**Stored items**
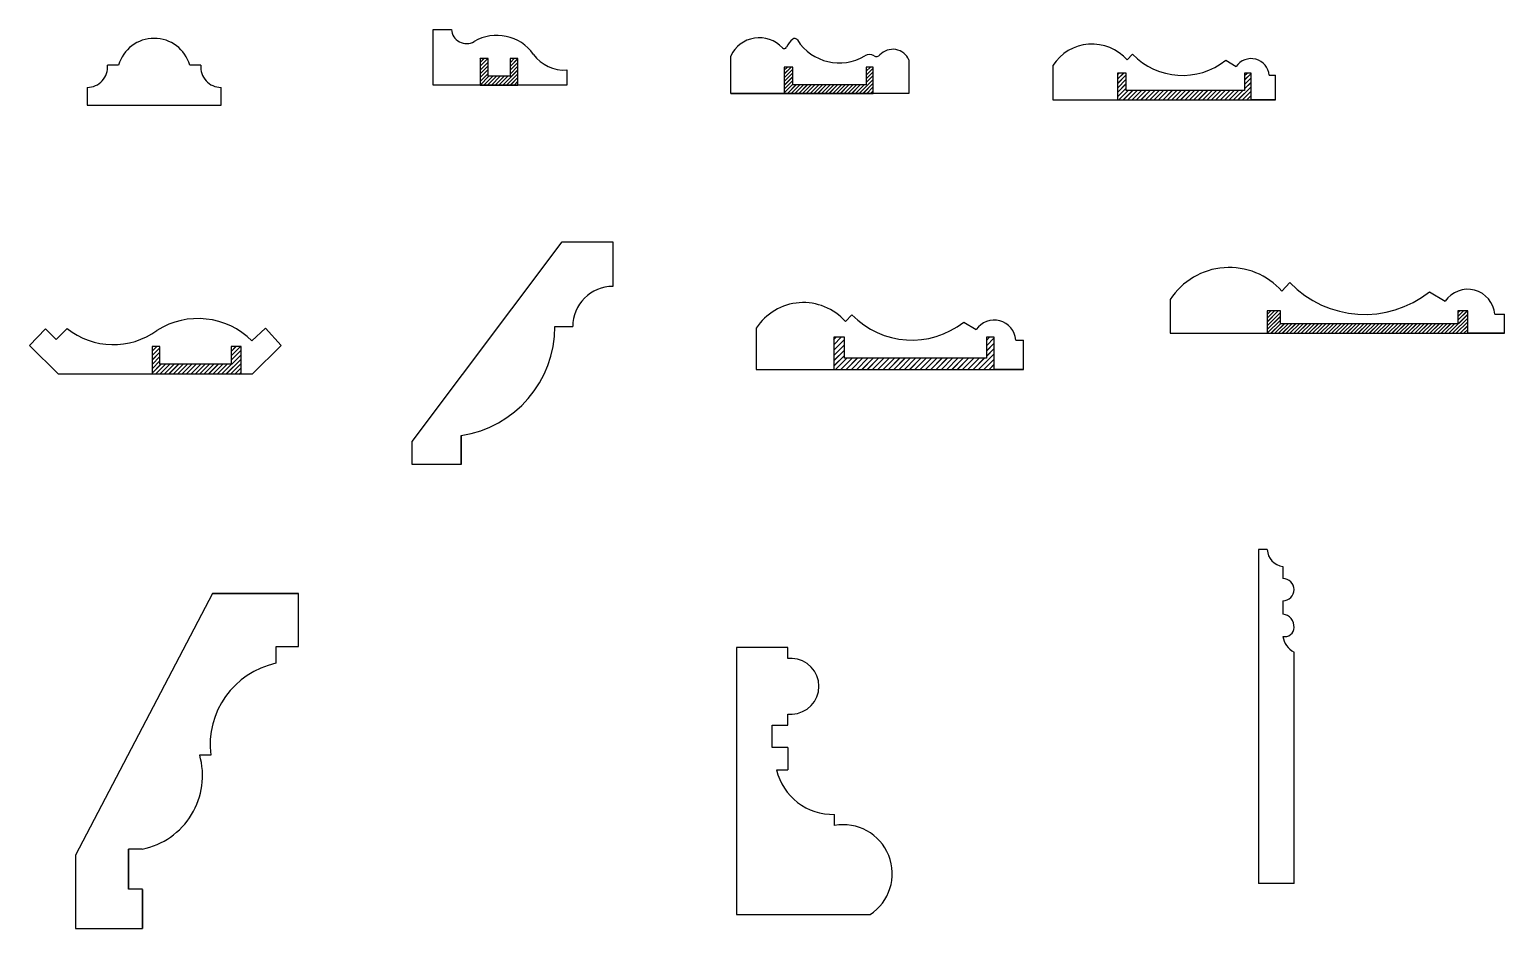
# Model space of a CAD drawing. Header units: millimetres. Extents: x 81099 to 92988, y 52605 to 57556.
# Drawn here: x 88019 to 88681, y 53486 to 53889 of the extents above; entities that cross this region are included whole.
import ezdxf

# ---------------------------------------------------------------- set-up
doc = ezdxf.new("R2010")
doc.units = ezdxf.units.MM
doc.header["$LTSCALE"] = 2000
doc.layers.get('0').update_dxf_attribs({"linetype": 'CONTINUOUS'})

msp = doc.modelspace()

# ---------------------------------------------------------------- linework, layer by layer
for p, q in [((88200.62, 53864.22), (88200.62, 53889.22)), ((88200.62, 53889.22), (88208.83, 53889.22)), ((88059.37, 53873.23), (88054.37, 53873.23)), ((88096.37, 53873.23), (88091.37, 53873.23)), ((88225.22, 53876.17), (88221.62, 53876.17)), ((88221.62, 53876.17), (88221.62, 53864.22)), ((88221.62, 53876.1), (88221.69, 53876.17)), ((88221.62, 53874.4), (88223.39, 53876.17)), ((88221.62, 53872.7), (88225.09, 53876.17)), ((88221.62, 53876.07), (88221.72, 53876.17)), ((88221.62, 53874.38), (88223.41, 53876.17)), ((88221.62, 53872.68), (88225.11, 53876.17)), ((88221.62, 53871.01), (88225.22, 53874.61)), ((88221.62, 53870.98), (88225.22, 53874.59)), ((88221.62, 53869.31), (88225.22, 53872.91)), ((88221.62, 53869.29), (88225.22, 53872.89)), ((88225.22, 53868.2), (88225.22, 53876.17)), ((88238.62, 53876.17), (88235.12, 53876.17)), ((88235.12, 53876.17), (88235.12, 53868.2)), ((88235.12, 53876.02), (88235.27, 53876.17)), ((88235.12, 53874.32), (88236.97, 53876.17)), ((88235.12, 53876), (88235.29, 53876.17)), ((88235.12, 53874.3), (88236.99, 53876.17)), ((88235.12, 53872.62), (88238.62, 53876.13)), ((88235.12, 53872.6), (88238.62, 53876.1)), ((88235.12, 53870.93), (88238.62, 53874.43)), ((88235.12, 53870.9), (88238.62, 53874.41)), ((88238.62, 53864.22), (88238.62, 53876.17)), ((88334.12, 53860.5), (88334.12, 53877.31)), ((88414.12, 53875.55), (88414.12, 53860.5)), ((88478.69, 53873.06), (88478.69, 53857.62)), ((88512.1, 53875.54), (88514.47, 53878.14)), ((88556.28, 53875.38), (88560.96, 53872.54)), ((88221.62, 53867.61), (88225.22, 53871.21)), ((88221.62, 53867.59), (88225.22, 53871.19)), ((88221.62, 53865.92), (88225.22, 53869.52)), ((88221.62, 53865.89), (88225.22, 53869.49)), ((88221.62, 53864.22), (88225.6, 53868.2)), ((88221.65, 53864.22), (88225.63, 53868.2)), ((88223.32, 53864.22), (88227.3, 53868.2)), ((88223.34, 53864.22), (88227.32, 53868.2)), ((88225.02, 53864.22), (88229, 53868.2)), ((88225.04, 53864.22), (88229.02, 53868.2)), ((88235.12, 53868.2), (88225.22, 53868.2)), ((88226.71, 53864.22), (88230.69, 53868.2)), ((88226.74, 53864.22), (88230.72, 53868.2)), ((88228.41, 53864.22), (88232.39, 53868.2)), ((88228.43, 53864.22), (88232.41, 53868.2)), ((88230.11, 53864.22), (88234.09, 53868.2)), ((88230.13, 53864.22), (88234.11, 53868.2)), ((88231.8, 53864.22), (88238.62, 53871.04)), ((88231.83, 53864.22), (88238.62, 53871.01)), ((88233.5, 53864.22), (88238.62, 53869.34)), ((88233.53, 53864.22), (88238.62, 53869.32)), ((88235.12, 53869.23), (88238.62, 53872.73)), ((88235.12, 53869.21), (88238.62, 53872.71)), ((88235.2, 53864.22), (88238.62, 53867.64)), ((88235.22, 53864.22), (88238.62, 53867.62)), ((88260.62, 53871.07), (88260.62, 53864.22)), ((88362, 53872.37), (88358.12, 53872.37)), ((88358.12, 53872.37), (88358.12, 53860.5)), ((88358.12, 53870.95), (88359.54, 53872.37)), ((88358.12, 53869.25), (88361.24, 53872.37)), ((88358.12, 53870.92), (88359.57, 53872.37)), ((88358.12, 53869.23), (88361.27, 53872.37)), ((88358.12, 53867.55), (88362, 53871.43)), ((88358.12, 53867.53), (88362, 53871.41)), ((88358.12, 53865.86), (88362, 53869.73)), ((88358.12, 53865.83), (88362, 53869.71)), ((88358.12, 53864.16), (88362, 53868.04)), ((88358.12, 53864.14), (88362, 53868.01)), ((88358.12, 53862.46), (88362, 53866.34)), ((88358.12, 53862.44), (88362, 53866.32)), ((88362, 53864.36), (88362, 53872.37)), ((88391.8, 53860.5), (88398.12, 53866.82)), ((88391.82, 53860.5), (88398.12, 53866.8)), ((88398.12, 53872.28), (88394.99, 53872.28)), ((88394.99, 53872.28), (88394.99, 53864.36)), ((88394.99, 53872.17), (88395.09, 53872.28)), ((88394.99, 53870.48), (88396.79, 53872.28)), ((88394.99, 53872.15), (88395.12, 53872.28)), ((88394.99, 53870.45), (88396.82, 53872.28)), ((88394.99, 53868.78), (88398.12, 53871.92)), ((88394.99, 53868.76), (88398.12, 53871.89)), ((88394.99, 53867.08), (88398.12, 53870.22)), ((88394.99, 53867.06), (88398.12, 53870.2)), ((88394.99, 53865.39), (88398.12, 53868.52)), ((88394.99, 53865.36), (88398.12, 53868.5)), ((88398.12, 53860.5), (88398.12, 53872.28)), ((88511.66, 53869.67), (88507.69, 53869.67)), ((88507.69, 53869.67), (88507.69, 53857.62)), ((88507.69, 53868.86), (88508.5, 53869.67)), ((88507.69, 53866.88), (88510.48, 53869.67)), ((88507.69, 53868.83), (88508.53, 53869.67)), ((88507.69, 53866.85), (88510.51, 53869.67)), ((88507.69, 53864.9), (88511.66, 53868.87)), ((88507.69, 53864.87), (88511.66, 53868.84)), ((88507.69, 53862.92), (88511.66, 53866.89)), ((88507.69, 53862.89), (88511.66, 53866.86)), ((88511.66, 53861.81), (88511.66, 53869.67)), ((88567.69, 53869.66), (88564.77, 53869.66)), ((88564.77, 53869.66), (88564.77, 53861.81)), ((88564.77, 53868.52), (88565.91, 53869.66)), ((88564.77, 53868.49), (88565.94, 53869.66)), ((88564.77, 53866.54), (88567.69, 53869.46)), ((88564.77, 53866.51), (88567.69, 53869.43)), ((88564.77, 53864.56), (88567.69, 53867.48)), ((88564.77, 53864.53), (88567.69, 53867.45)), ((88567.69, 53857.62), (88567.69, 53869.66)), ((88575.77, 53868.66), (88578.69, 53868.66)), ((88578.69, 53857.62), (88578.69, 53868.66)), ((88045.37, 53863.23), (88045.37, 53855.23)), ((88105.37, 53855.23), (88105.37, 53863.23)), ((88260.62, 53864.22), (88200.62, 53864.22)), ((88221.62, 53864.22), (88238.62, 53864.22)), ((88236.9, 53864.22), (88238.62, 53865.95)), ((88236.92, 53864.22), (88238.62, 53865.92)), ((88238.59, 53864.22), (88238.62, 53864.25)), ((88238.62, 53864.22), (88238.62, 53864.23)), ((88334.12, 53860.5), (88358.12, 53860.5)), ((88414.12, 53860.5), (88334.12, 53860.5)), ((88358.12, 53860.77), (88362, 53864.64)), ((88358.12, 53860.74), (88362, 53864.62)), ((88358.12, 53860.5), (88398.12, 53860.5)), ((88359.55, 53860.5), (88363.42, 53864.36)), ((88359.57, 53860.5), (88363.44, 53864.36)), ((88361.25, 53860.5), (88365.11, 53864.36)), ((88361.27, 53860.5), (88365.14, 53864.36)), ((88394.99, 53864.36), (88362, 53864.36)), ((88362.95, 53860.5), (88366.81, 53864.36)), ((88362.97, 53860.5), (88366.83, 53864.36)), ((88364.64, 53860.5), (88368.51, 53864.36)), ((88364.67, 53860.5), (88368.53, 53864.36)), ((88366.34, 53860.5), (88370.2, 53864.36)), ((88366.36, 53860.5), (88370.23, 53864.36)), ((88368.04, 53860.5), (88371.9, 53864.36)), ((88368.06, 53860.5), (88371.93, 53864.36)), ((88369.73, 53860.5), (88373.6, 53864.36)), ((88369.76, 53860.5), (88373.62, 53864.36)), ((88371.43, 53860.5), (88375.3, 53864.36)), ((88371.45, 53860.5), (88375.32, 53864.36)), ((88373.13, 53860.5), (88376.99, 53864.36)), ((88373.15, 53860.5), (88377.02, 53864.36)), ((88374.82, 53860.5), (88378.69, 53864.36)), ((88374.85, 53860.5), (88378.71, 53864.36)), ((88376.52, 53860.5), (88380.39, 53864.36)), ((88376.55, 53860.5), (88380.41, 53864.36)), ((88378.22, 53860.5), (88382.08, 53864.36)), ((88378.24, 53860.5), (88382.11, 53864.36)), ((88379.92, 53860.5), (88383.78, 53864.36)), ((88379.94, 53860.5), (88383.8, 53864.36)), ((88381.61, 53860.5), (88385.48, 53864.36)), ((88381.64, 53860.5), (88385.5, 53864.36)), ((88383.31, 53860.5), (88387.17, 53864.36)), ((88383.33, 53860.5), (88387.2, 53864.36)), ((88385.01, 53860.5), (88388.87, 53864.36)), ((88385.03, 53860.5), (88388.9, 53864.36)), ((88386.7, 53860.5), (88390.57, 53864.36)), ((88386.73, 53860.5), (88390.59, 53864.36)), ((88388.4, 53860.5), (88392.27, 53864.36)), ((88388.42, 53860.5), (88392.29, 53864.36)), ((88390.1, 53860.5), (88393.96, 53864.36)), ((88390.12, 53860.5), (88393.99, 53864.36)), ((88393.49, 53860.5), (88398.12, 53865.13)), ((88393.52, 53860.5), (88398.12, 53865.1)), ((88395.19, 53860.5), (88398.12, 53863.43)), ((88395.21, 53860.5), (88398.12, 53863.41)), ((88396.89, 53860.5), (88398.12, 53861.73)), ((88396.91, 53860.5), (88398.12, 53861.71)), ((88507.69, 53860.94), (88511.66, 53864.91)), ((88507.69, 53860.91), (88511.66, 53864.88)), ((88507.69, 53858.96), (88511.66, 53862.93)), ((88507.69, 53858.93), (88511.66, 53862.9)), ((88508.34, 53857.62), (88512.52, 53861.81)), ((88508.37, 53857.62), (88512.55, 53861.81)), ((88510.32, 53857.62), (88514.5, 53861.81)), ((88510.35, 53857.62), (88514.53, 53861.81)), ((88564.77, 53861.81), (88511.66, 53861.81)), ((88512.3, 53857.62), (88516.48, 53861.81)), ((88512.33, 53857.62), (88516.51, 53861.81)), ((88514.28, 53857.62), (88518.46, 53861.81)), ((88514.31, 53857.62), (88518.49, 53861.81)), ((88516.26, 53857.62), (88520.44, 53861.81)), ((88516.29, 53857.62), (88520.47, 53861.81)), ((88518.24, 53857.62), (88522.42, 53861.81)), ((88518.27, 53857.62), (88522.45, 53861.81)), ((88520.22, 53857.62), (88524.4, 53861.81)), ((88520.24, 53857.62), (88524.43, 53861.81)), ((88522.2, 53857.62), (88526.38, 53861.81)), ((88522.22, 53857.62), (88526.41, 53861.81)), ((88524.18, 53857.62), (88528.36, 53861.81)), ((88524.2, 53857.62), (88528.39, 53861.81)), ((88526.16, 53857.62), (88530.34, 53861.81)), ((88526.18, 53857.62), (88530.37, 53861.81)), ((88528.14, 53857.62), (88532.32, 53861.81)), ((88528.16, 53857.62), (88532.35, 53861.81)), ((88530.12, 53857.62), (88534.3, 53861.81)), ((88530.14, 53857.62), (88534.33, 53861.81)), ((88532.1, 53857.62), (88536.28, 53861.81)), ((88532.12, 53857.62), (88536.31, 53861.81)), ((88534.08, 53857.62), (88538.26, 53861.81)), ((88534.1, 53857.62), (88538.29, 53861.81)), ((88536.06, 53857.62), (88540.24, 53861.81)), ((88536.08, 53857.62), (88540.27, 53861.81)), ((88538.04, 53857.62), (88542.22, 53861.81)), ((88538.06, 53857.62), (88542.25, 53861.81)), ((88540.02, 53857.62), (88544.2, 53861.81)), ((88540.04, 53857.62), (88544.23, 53861.81)), ((88542, 53857.62), (88546.18, 53861.81)), ((88542.02, 53857.62), (88546.21, 53861.81)), ((88543.98, 53857.62), (88548.16, 53861.81)), ((88544, 53857.62), (88548.19, 53861.81)), ((88545.96, 53857.62), (88550.14, 53861.81)), ((88545.98, 53857.62), (88550.17, 53861.81)), ((88547.94, 53857.62), (88552.12, 53861.81)), ((88547.96, 53857.62), (88552.15, 53861.81)), ((88549.92, 53857.62), (88554.1, 53861.81)), ((88549.94, 53857.62), (88554.13, 53861.81)), ((88551.9, 53857.62), (88556.08, 53861.81)), ((88551.92, 53857.62), (88556.11, 53861.81)), ((88553.88, 53857.62), (88558.06, 53861.81)), ((88553.9, 53857.62), (88558.09, 53861.81)), ((88555.86, 53857.62), (88560.04, 53861.81)), ((88555.88, 53857.62), (88560.07, 53861.81)), ((88557.83, 53857.62), (88562.02, 53861.81)), ((88557.86, 53857.62), (88562.05, 53861.81)), ((88559.81, 53857.62), (88564, 53861.81)), ((88559.84, 53857.62), (88564.03, 53861.81)), ((88561.79, 53857.62), (88567.69, 53863.52)), ((88561.82, 53857.62), (88567.69, 53863.5)), ((88563.77, 53857.62), (88567.69, 53861.54)), ((88563.8, 53857.62), (88567.69, 53861.52)), ((88564.77, 53862.58), (88567.69, 53865.5)), ((88564.77, 53862.55), (88567.69, 53865.48)), ((88045.37, 53855.23), (88105.37, 53855.23)), ((88478.69, 53857.62), (88578.69, 53857.62)), ((88565.75, 53857.62), (88567.69, 53859.56)), ((88565.78, 53857.62), (88567.69, 53859.54)), ((88578.69, 53857.62), (88567.69, 53857.62)), ((88191.22, 53704.19), (88258.47, 53793.86)), ((88258.47, 53793.86), (88281.22, 53793.86)), ((88281.22, 53793.86), (88281.22, 53773.86)), ((88581.52, 53771.67), (88585.07, 53775.57)), ((88531.41, 53767.95), (88531.41, 53752.8)), ((88647.78, 53771.43), (88654.81, 53767.18)), ((88385.68, 53758.05), (88388.52, 53761.17)), ((88580.86, 53762.86), (88574.91, 53762.86)), ((88574.91, 53762.86), (88574.91, 53752.8)), ((88574.91, 53761.28), (88576.48, 53762.86)), ((88574.91, 53759.59), (88578.18, 53762.86)), ((88574.91, 53757.89), (88579.88, 53762.86)), ((88574.91, 53761.26), (88576.51, 53762.86)), ((88574.91, 53759.56), (88578.2, 53762.86)), ((88574.91, 53757.86), (88579.9, 53762.86)), ((88574.91, 53756.19), (88580.86, 53762.14)), ((88574.91, 53756.17), (88580.86, 53762.12)), ((88574.91, 53754.49), (88580.86, 53760.44)), ((88574.91, 53754.47), (88580.86, 53760.42)), ((88580.86, 53757.07), (88580.86, 53762.86)), ((88656.36, 53752.8), (88664.91, 53761.34)), ((88656.39, 53752.8), (88664.91, 53761.32)), ((88664.91, 53762.86), (88660.52, 53762.86)), ((88660.52, 53762.86), (88660.52, 53757.07)), ((88660.52, 53762.05), (88661.33, 53762.86)), ((88660.52, 53760.35), (88663.03, 53762.86)), ((88660.52, 53758.65), (88664.72, 53762.86)), ((88660.52, 53762.02), (88661.35, 53762.86)), ((88660.52, 53760.33), (88663.05, 53762.86)), ((88660.52, 53758.63), (88664.75, 53762.86)), ((88664.91, 53752.8), (88664.91, 53762.86)), ((88677.03, 53761.35), (88681.41, 53761.35)), ((88681.41, 53752.8), (88681.41, 53761.35)), ((88019.42, 53747.4), (88026.59, 53754.85)), ((88026.59, 53754.85), (88031.39, 53750.08)), ((88031.39, 53750.08), (88036.28, 53755)), ((88119.27, 53749.4), (88125.26, 53755.09)), ((88125.26, 53755.09), (88132.42, 53747.4)), ((88255.22, 53755.86), (88263.22, 53755.86)), ((88263.22, 53755.86), (88263.22, 53755.86)), ((88345.59, 53755.08), (88345.59, 53736.55)), ((88438.69, 53757.86), (88444.31, 53754.45)), ((88574.91, 53752.8), (88580.86, 53758.75)), ((88574.93, 53752.8), (88580.86, 53758.72)), ((88576.6, 53752.8), (88580.88, 53757.07)), ((88576.63, 53752.8), (88580.9, 53757.07)), ((88578.3, 53752.8), (88582.57, 53757.07)), ((88578.32, 53752.8), (88582.6, 53757.07)), ((88580, 53752.8), (88584.27, 53757.07)), ((88580.02, 53752.8), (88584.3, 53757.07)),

**Action item**
When a line among the entries above contains "units", copy it.

**Reply to the task**
# Model space of a CAD drawing. Header units: millimetres. Extents: x 81099 to 92988, y 52605 to 57556.
doc.units = ezdxf.units.MM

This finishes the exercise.